I heard Eric Griggs and one of the other PSE guys were shooting between 65-70 pounds. Something about a better release or clearing the bow faster... i dont know and thats why Im asking. Looking forward to Vegas though either way!


----------



## dwagoner (Sep 27, 2007)

i think youll find less than 10% shooting over 65lbs indoor, maybe more in the BHFS class as alot of hunters take their rig and join it, but not alot


----------



## josh_X_wny (Oct 18, 2006)

54 lbs here.


----------



## ebonarcher (Mar 2, 2008)

Well I'll be in vega, I might not score great.

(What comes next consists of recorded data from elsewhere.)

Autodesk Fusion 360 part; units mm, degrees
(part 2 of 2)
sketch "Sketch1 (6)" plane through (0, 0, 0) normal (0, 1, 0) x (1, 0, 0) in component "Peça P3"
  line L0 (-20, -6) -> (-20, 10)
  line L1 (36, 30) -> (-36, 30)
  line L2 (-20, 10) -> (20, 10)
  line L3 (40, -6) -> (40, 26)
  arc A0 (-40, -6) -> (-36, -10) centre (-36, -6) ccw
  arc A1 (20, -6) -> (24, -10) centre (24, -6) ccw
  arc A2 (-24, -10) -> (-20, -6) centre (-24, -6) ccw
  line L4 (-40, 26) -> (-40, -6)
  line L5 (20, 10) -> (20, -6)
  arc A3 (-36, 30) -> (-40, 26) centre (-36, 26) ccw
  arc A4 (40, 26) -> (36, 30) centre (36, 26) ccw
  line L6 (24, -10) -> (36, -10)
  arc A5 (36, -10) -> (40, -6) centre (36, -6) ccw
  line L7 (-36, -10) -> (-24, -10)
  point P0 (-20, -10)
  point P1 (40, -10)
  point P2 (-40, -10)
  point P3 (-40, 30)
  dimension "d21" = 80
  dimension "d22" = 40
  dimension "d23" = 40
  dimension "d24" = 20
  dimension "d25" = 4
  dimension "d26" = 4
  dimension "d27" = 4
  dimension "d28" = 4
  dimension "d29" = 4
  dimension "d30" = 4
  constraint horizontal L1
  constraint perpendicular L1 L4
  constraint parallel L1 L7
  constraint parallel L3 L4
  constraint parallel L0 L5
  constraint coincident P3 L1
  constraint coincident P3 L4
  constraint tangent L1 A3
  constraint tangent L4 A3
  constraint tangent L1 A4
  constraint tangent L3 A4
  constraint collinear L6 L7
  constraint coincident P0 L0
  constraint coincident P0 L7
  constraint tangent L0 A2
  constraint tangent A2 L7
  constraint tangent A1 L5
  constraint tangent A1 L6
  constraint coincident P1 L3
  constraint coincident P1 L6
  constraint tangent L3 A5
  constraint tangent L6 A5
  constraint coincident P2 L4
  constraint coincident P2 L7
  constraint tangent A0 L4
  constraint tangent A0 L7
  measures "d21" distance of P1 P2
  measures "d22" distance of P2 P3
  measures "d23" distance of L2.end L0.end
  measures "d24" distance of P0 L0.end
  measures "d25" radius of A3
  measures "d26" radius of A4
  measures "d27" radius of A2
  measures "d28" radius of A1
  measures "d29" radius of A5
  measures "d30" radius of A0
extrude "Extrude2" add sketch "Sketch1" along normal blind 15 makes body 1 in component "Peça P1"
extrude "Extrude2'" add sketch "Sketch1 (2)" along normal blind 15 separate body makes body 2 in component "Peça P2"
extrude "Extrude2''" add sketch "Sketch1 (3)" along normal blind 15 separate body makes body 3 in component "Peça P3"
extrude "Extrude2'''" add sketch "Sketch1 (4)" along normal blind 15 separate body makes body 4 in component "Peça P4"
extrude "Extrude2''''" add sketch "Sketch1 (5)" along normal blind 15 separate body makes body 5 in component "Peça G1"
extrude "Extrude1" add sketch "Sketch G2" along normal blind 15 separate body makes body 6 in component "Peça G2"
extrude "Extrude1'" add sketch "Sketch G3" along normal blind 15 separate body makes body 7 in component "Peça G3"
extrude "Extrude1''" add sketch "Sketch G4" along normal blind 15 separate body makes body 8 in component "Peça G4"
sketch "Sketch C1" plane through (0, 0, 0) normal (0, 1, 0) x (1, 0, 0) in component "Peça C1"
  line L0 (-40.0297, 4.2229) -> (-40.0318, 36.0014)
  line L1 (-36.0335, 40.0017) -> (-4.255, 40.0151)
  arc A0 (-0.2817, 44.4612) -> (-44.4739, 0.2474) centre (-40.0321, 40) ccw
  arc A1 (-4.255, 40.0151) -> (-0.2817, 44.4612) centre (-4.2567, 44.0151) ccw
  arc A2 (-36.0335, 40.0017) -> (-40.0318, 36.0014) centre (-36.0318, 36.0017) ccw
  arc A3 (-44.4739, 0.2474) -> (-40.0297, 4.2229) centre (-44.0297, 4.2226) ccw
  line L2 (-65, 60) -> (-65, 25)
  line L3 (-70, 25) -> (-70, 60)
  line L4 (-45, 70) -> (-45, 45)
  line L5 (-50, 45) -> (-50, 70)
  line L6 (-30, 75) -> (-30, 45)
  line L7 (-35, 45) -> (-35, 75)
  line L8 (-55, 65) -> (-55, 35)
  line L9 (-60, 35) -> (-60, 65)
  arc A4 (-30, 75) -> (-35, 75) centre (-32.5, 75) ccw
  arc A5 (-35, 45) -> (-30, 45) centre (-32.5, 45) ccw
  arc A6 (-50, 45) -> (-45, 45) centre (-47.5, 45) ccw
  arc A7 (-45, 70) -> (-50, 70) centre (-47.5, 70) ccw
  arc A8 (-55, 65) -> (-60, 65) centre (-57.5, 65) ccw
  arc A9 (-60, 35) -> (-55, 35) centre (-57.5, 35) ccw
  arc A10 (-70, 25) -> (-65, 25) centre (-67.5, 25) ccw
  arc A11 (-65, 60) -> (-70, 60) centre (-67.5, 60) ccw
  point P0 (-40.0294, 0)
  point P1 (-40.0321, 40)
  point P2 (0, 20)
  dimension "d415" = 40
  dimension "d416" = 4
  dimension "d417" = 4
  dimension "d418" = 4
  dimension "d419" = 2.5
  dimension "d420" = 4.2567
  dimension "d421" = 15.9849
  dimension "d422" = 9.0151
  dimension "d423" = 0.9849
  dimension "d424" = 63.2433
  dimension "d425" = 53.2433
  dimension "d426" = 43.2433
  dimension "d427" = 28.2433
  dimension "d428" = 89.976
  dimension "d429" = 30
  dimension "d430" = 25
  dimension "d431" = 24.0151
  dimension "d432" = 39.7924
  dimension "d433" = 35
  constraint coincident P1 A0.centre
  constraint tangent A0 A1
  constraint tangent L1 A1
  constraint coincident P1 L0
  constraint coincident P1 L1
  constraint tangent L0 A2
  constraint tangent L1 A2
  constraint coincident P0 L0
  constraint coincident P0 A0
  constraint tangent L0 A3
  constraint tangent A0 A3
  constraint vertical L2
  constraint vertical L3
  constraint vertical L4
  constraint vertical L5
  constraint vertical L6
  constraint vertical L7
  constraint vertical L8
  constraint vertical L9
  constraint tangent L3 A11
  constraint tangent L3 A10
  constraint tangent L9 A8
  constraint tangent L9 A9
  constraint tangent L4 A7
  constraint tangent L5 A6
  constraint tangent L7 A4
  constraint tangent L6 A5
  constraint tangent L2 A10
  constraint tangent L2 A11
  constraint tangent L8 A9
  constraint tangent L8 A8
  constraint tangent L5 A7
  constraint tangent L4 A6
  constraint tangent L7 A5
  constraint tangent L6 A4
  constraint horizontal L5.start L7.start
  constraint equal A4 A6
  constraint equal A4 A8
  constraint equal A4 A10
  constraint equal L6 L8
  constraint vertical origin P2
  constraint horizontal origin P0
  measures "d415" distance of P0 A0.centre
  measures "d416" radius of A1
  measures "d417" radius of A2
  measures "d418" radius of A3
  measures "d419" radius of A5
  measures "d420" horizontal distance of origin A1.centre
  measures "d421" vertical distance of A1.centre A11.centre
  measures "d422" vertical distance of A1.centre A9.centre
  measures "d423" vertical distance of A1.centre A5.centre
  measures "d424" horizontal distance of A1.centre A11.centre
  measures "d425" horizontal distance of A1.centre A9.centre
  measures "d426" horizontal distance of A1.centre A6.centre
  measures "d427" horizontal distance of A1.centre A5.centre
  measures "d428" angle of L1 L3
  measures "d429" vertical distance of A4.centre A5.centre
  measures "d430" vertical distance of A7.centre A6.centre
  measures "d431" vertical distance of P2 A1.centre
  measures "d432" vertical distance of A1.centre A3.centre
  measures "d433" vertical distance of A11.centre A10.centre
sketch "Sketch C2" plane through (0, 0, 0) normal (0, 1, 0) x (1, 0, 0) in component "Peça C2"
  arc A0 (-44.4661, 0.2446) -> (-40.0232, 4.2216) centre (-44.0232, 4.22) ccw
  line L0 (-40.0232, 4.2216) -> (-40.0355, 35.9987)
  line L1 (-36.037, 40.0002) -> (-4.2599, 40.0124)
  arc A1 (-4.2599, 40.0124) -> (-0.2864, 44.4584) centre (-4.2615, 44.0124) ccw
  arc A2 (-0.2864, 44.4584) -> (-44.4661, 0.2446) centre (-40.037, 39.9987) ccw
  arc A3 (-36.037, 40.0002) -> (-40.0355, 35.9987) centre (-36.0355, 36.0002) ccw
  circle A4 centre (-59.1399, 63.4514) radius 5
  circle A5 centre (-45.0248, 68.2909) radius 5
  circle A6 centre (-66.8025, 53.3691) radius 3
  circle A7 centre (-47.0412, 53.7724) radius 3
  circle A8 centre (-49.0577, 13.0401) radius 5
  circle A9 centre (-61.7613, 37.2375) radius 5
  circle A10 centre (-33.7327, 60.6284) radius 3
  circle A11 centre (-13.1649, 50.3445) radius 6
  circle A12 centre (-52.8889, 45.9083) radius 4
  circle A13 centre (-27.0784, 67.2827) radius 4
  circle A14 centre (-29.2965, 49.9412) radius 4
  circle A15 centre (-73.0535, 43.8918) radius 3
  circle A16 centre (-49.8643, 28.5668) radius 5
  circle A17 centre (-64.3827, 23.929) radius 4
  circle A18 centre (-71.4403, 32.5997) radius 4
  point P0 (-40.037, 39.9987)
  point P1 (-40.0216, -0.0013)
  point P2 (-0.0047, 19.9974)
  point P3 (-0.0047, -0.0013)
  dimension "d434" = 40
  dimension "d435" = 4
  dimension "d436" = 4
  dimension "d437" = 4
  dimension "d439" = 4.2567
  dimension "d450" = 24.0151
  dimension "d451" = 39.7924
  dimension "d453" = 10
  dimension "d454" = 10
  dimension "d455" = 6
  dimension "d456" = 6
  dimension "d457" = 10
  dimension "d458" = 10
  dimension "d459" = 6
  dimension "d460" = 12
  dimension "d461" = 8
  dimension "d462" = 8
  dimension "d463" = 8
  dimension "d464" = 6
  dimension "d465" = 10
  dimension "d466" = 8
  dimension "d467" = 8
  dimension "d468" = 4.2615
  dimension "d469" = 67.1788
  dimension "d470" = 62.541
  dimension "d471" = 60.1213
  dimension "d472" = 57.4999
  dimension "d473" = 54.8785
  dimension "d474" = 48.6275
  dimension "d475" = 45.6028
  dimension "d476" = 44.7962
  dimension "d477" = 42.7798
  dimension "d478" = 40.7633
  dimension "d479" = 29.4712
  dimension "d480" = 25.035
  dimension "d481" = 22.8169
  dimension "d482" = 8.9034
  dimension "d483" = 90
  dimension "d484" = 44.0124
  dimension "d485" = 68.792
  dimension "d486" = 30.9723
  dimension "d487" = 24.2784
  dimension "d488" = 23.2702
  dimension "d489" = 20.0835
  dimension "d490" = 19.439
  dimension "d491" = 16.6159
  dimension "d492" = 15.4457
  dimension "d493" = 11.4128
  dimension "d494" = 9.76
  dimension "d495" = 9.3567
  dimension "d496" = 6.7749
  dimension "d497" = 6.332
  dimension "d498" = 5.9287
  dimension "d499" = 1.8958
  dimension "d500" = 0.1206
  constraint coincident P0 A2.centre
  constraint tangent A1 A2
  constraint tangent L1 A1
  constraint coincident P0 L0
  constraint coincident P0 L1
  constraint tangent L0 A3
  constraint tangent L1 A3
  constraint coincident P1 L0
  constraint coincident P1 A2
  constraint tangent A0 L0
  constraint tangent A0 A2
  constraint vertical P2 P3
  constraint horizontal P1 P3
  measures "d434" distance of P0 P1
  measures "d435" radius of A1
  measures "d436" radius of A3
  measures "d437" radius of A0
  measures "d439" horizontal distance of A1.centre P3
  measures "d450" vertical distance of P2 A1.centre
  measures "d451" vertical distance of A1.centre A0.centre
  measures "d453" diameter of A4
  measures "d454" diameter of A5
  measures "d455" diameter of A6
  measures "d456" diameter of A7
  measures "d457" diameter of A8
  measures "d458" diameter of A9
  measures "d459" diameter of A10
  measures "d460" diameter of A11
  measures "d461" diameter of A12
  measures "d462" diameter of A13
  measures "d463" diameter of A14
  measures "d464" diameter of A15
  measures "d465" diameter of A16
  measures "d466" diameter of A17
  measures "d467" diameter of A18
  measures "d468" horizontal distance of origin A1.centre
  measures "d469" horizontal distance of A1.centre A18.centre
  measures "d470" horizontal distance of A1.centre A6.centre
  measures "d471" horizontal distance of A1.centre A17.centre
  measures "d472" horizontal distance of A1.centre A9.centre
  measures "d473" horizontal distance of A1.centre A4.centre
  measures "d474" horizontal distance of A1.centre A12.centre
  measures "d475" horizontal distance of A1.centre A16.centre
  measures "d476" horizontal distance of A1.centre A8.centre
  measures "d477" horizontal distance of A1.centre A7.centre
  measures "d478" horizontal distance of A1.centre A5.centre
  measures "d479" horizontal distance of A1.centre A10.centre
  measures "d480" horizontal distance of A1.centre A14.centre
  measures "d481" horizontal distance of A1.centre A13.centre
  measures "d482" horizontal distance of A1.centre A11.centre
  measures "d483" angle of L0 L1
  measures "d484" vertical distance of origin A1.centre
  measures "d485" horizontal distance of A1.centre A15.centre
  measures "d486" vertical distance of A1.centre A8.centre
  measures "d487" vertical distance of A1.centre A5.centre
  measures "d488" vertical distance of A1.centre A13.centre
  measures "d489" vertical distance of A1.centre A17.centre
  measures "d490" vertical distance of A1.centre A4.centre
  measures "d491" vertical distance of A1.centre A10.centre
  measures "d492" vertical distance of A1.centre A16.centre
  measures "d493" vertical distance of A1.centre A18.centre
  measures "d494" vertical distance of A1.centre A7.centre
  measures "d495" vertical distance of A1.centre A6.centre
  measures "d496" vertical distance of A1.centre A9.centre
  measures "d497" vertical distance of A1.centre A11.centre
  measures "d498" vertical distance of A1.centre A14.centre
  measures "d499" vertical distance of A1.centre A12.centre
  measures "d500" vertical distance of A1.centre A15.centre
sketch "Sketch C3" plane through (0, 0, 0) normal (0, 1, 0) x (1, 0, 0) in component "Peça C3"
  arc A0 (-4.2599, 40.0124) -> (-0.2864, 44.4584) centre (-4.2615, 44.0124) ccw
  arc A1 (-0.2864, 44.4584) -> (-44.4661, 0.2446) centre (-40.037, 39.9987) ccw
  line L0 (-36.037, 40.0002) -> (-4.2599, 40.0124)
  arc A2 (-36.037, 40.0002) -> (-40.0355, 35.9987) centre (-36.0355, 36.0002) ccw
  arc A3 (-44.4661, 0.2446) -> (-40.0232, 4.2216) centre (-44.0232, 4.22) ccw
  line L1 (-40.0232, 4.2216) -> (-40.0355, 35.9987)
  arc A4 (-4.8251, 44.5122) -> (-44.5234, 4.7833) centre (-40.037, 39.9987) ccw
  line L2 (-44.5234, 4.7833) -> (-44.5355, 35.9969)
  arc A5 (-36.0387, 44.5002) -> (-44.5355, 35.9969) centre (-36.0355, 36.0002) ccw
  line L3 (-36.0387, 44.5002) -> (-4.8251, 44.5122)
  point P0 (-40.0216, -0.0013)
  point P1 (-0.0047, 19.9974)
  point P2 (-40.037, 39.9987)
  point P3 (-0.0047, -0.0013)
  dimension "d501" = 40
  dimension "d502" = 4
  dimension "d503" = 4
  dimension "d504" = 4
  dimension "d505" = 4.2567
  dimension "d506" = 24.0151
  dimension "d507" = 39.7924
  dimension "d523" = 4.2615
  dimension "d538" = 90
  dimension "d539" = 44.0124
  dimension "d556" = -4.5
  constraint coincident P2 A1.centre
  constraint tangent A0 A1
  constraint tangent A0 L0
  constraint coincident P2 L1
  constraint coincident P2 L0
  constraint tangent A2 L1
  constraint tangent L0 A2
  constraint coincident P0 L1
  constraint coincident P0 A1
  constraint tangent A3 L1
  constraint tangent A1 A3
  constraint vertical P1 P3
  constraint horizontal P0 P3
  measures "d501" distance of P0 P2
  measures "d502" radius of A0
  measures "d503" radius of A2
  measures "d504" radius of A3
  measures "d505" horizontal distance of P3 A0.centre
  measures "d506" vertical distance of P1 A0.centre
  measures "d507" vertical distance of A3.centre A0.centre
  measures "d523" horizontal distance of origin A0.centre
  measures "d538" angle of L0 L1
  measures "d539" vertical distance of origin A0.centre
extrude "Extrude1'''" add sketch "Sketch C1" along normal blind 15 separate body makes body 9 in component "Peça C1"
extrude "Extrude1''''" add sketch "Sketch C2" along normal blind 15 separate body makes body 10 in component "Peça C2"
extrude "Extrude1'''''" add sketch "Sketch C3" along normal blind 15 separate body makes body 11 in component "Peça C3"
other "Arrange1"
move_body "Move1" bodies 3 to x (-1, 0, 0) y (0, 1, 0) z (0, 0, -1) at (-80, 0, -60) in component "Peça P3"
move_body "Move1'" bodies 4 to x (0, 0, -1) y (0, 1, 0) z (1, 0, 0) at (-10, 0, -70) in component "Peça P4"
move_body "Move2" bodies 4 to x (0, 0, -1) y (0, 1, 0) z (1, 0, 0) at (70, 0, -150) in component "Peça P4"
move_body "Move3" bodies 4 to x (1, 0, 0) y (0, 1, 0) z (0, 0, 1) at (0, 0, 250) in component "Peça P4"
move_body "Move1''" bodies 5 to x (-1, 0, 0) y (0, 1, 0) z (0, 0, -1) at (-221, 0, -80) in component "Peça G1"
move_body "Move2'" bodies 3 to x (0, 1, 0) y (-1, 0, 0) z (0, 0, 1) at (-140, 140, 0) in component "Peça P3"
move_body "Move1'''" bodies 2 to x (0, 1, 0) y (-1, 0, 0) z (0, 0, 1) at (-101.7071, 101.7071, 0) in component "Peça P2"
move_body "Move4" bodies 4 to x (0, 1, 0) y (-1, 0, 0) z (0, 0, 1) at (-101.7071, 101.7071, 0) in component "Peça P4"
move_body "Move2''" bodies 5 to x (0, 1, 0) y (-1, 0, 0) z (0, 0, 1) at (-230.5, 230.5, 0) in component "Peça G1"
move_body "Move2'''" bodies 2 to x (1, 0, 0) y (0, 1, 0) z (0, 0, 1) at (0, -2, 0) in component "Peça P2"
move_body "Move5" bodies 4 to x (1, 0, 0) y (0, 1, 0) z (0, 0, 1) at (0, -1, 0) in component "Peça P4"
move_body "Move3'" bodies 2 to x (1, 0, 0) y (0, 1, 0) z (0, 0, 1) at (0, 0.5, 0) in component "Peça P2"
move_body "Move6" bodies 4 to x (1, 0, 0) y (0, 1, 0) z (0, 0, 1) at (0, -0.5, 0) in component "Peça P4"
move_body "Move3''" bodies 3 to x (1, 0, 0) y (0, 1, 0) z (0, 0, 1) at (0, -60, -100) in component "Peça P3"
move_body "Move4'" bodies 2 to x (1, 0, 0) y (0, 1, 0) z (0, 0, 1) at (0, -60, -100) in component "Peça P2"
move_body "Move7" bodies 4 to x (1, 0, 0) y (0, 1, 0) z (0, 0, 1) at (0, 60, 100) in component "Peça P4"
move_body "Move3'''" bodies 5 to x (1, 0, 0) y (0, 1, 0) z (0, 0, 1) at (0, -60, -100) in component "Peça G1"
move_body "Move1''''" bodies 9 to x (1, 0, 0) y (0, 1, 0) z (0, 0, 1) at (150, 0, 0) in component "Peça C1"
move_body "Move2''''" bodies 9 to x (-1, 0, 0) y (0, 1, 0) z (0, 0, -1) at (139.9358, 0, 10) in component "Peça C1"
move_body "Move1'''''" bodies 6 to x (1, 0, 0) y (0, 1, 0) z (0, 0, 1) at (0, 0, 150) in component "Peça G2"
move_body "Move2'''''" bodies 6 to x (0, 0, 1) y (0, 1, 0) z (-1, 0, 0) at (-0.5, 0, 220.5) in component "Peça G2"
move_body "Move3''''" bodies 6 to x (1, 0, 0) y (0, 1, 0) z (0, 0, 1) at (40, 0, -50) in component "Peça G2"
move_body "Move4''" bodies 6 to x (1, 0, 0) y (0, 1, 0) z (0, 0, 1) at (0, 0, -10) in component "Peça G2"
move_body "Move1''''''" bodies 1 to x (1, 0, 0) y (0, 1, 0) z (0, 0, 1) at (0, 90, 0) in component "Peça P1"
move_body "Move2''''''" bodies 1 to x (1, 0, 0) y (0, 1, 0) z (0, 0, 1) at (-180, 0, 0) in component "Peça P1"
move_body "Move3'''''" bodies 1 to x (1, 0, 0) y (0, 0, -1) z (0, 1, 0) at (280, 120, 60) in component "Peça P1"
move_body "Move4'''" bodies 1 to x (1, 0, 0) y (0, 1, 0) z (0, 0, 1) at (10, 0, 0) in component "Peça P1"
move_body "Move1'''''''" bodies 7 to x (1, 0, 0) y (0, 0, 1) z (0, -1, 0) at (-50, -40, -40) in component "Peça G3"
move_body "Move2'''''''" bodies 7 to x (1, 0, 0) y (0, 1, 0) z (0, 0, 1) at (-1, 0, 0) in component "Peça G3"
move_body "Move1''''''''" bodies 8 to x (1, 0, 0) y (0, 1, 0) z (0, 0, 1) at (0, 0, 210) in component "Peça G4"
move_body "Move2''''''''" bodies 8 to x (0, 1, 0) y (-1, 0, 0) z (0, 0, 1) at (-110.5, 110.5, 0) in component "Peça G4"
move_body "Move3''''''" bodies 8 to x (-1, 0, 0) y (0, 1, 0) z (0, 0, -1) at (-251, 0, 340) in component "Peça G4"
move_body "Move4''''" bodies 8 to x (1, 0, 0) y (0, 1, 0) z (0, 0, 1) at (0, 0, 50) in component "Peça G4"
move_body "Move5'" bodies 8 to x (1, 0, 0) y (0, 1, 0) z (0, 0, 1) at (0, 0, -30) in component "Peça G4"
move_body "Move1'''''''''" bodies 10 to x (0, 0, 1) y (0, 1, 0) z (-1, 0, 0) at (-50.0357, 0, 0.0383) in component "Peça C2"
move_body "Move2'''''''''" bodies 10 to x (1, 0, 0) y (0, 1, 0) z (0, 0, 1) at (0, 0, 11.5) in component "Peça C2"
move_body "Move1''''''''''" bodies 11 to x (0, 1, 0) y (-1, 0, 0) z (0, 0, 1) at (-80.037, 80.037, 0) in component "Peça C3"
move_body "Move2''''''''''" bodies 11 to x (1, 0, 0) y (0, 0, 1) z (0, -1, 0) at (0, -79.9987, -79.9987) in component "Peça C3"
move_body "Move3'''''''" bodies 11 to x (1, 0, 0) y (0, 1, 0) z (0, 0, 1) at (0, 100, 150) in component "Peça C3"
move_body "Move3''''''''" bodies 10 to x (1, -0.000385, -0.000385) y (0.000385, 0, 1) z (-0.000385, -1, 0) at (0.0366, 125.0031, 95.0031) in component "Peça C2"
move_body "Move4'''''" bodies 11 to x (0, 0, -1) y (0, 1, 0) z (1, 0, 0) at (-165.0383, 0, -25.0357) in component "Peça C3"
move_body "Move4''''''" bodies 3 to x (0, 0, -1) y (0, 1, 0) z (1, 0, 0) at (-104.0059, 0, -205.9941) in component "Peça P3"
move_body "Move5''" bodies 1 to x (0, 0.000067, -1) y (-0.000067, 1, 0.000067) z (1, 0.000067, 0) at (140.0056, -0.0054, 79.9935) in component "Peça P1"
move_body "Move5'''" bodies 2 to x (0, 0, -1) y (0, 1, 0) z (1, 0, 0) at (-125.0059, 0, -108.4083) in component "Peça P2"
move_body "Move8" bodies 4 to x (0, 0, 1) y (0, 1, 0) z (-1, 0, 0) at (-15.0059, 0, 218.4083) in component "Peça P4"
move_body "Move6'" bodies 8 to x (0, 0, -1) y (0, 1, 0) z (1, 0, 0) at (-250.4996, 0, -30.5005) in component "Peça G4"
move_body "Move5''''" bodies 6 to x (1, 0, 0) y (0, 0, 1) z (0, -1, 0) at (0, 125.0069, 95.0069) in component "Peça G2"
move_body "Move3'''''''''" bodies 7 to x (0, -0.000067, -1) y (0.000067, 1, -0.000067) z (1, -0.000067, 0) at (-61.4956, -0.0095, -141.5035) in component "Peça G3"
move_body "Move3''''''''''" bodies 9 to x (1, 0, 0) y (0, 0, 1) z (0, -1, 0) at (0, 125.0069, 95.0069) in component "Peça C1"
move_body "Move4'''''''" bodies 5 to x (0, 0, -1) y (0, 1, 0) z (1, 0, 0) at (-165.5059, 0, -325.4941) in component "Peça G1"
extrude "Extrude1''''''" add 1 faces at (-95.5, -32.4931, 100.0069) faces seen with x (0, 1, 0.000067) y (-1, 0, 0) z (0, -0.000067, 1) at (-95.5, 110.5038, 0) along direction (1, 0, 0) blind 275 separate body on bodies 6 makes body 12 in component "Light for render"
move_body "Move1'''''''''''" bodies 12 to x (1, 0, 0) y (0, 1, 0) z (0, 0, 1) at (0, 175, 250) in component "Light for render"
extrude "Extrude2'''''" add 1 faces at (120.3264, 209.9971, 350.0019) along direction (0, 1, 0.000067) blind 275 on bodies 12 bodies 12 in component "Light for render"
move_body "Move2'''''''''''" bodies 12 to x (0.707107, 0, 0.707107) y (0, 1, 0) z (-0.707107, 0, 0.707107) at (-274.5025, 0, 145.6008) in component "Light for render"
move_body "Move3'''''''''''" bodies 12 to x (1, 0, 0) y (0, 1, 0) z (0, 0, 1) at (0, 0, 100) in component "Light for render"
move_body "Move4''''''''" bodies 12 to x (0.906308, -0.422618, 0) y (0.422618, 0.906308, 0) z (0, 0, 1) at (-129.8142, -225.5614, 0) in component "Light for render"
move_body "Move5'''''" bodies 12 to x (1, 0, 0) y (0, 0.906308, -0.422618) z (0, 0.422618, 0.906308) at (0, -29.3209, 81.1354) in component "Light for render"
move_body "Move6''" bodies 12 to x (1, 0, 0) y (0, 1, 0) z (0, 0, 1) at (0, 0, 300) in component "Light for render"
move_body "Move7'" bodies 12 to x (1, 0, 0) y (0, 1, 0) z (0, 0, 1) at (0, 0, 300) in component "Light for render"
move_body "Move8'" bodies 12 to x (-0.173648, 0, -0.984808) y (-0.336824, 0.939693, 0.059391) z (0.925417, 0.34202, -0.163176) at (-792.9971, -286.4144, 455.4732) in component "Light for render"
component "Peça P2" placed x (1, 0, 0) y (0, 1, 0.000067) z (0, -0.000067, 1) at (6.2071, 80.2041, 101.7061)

But I'm going to have fun and I'll be shooting in the 30's.


----------



## j.irvin (Sep 21, 2009)

58 lbs.


----------



## introverted (Jan 2, 2009)

52lbs, all day long

it's more about holding weight than actual draw weight, most guys shoot lower poundage, but they also use 55-65% let off, so maintaining back tension isn't a problem

if you shoot lower poundage, with higher let-off, it's easier to relax and cheat your release, if i were shooting something with a 80% let off, i'd be up toward 60lbs, but that wears me out QUICK

the best score i've ever shot was a 597 fita round @ 42 lbs fwiw


----------



## target1 (Jan 16, 2007)

45#'s here. It's only got to go 60'.


----------



## DEAD 10 (Aug 14, 2009)

target1 said:


> 45#'s here. It's only got to go 60'.


thank you


----------



## Beastmaster (Jan 20, 2009)

56#/65% let off here.


----------



## Mach-X (Jun 12, 2006)

*Thanks!*

I think I did the right thing asking the forum.
See Ya in VEGAS


----------



## 60xar (Mar 30, 2006)

52lbs for everything indoors, its only 20yds so you can always play with the letoff to get the holding weight you want.


----------



## N7709K (Dec 17, 2008)

63lbs here, its about the holding weight not the draw weight


----------



## NEVADAPRO (Jul 5, 2007)

52lbs. with 21lbs. holding weight. 

And I shoot the same outdoor. I've had 5 back surgeries but I still wouldn't shoot much more than that unless I was shooting Foamies!! :wink:


----------



## archerpap (Apr 24, 2006)

56/57 for me. Same set up outdoors as well.


----------



## SD-Archer (Jan 19, 2010)

55 here. Indoors and outdoors. No problems!


----------



## X-Ray (Apr 3, 2004)

*Vegas*

55 indoors for me
49 for my son 
no sense in anything more. I am thinking of dropping to 50 myself.


----------



## SD-Archer (Jan 19, 2010)

I was actually considering 50# max for my indoor bow this year as well...a 60# deal came along that I could not refuse, dropped it to 55 and called it a good day.


----------



## wyoming4x4 (Mar 16, 2009)

*indoor stuff 56lb/17lb*

was 60 and holding 19lb. Now at 56 and holding 17lb. need to be able to shoot the same start to finish. Felt the higher poundage took something away from my shooting. especially in a shoot off.


----------



## lane preston (Mar 31, 2005)

*#*

i shoot 55 pounds currently out of my moneymaker. a friend shoots 71 pounds from his monster, he says its to get the right holding weight it only comes with 80% mods. you cant argue its nothing to see him shoot 300 with 28-30 xs on a vegas target.


----------



## Nomad_Archer (Aug 27, 2008)

I am shooting like 66lbs with 65% let off but I had the bow down to 52 lbs and worked my way up to where I felt the strongest at full draw with the limbs all the way in. The dw on the bow is a little funny but thats what I got when I took 60lbs pro elite for a 30inch draw and made it a 27" draw.


----------



## field14 (May 21, 2002)

I agree that it is more about holding weight rather than peak weight and getting the right mass weight to holding weight combination.

Myself, I've shot 47# peak and 17-19 holding weight for years. My best was back in the days of 50-60% letoff where I could shoot 47# peak and hold 21#. However, my Merlin Excalibur is peaking at 47# peak and holding 19.5 pounds, so I'm just fine with that at my age.
The target ain't moving or going anywhere...but getting tired halfway thru a round isn't good for the score...or being so sore and stiff the next day isn't getting you anywhere either, so why "overdo it"...in an indoor event, MORE poundage isn't necessarily better; at least not for MOST people.

field14 (Tom D.)


----------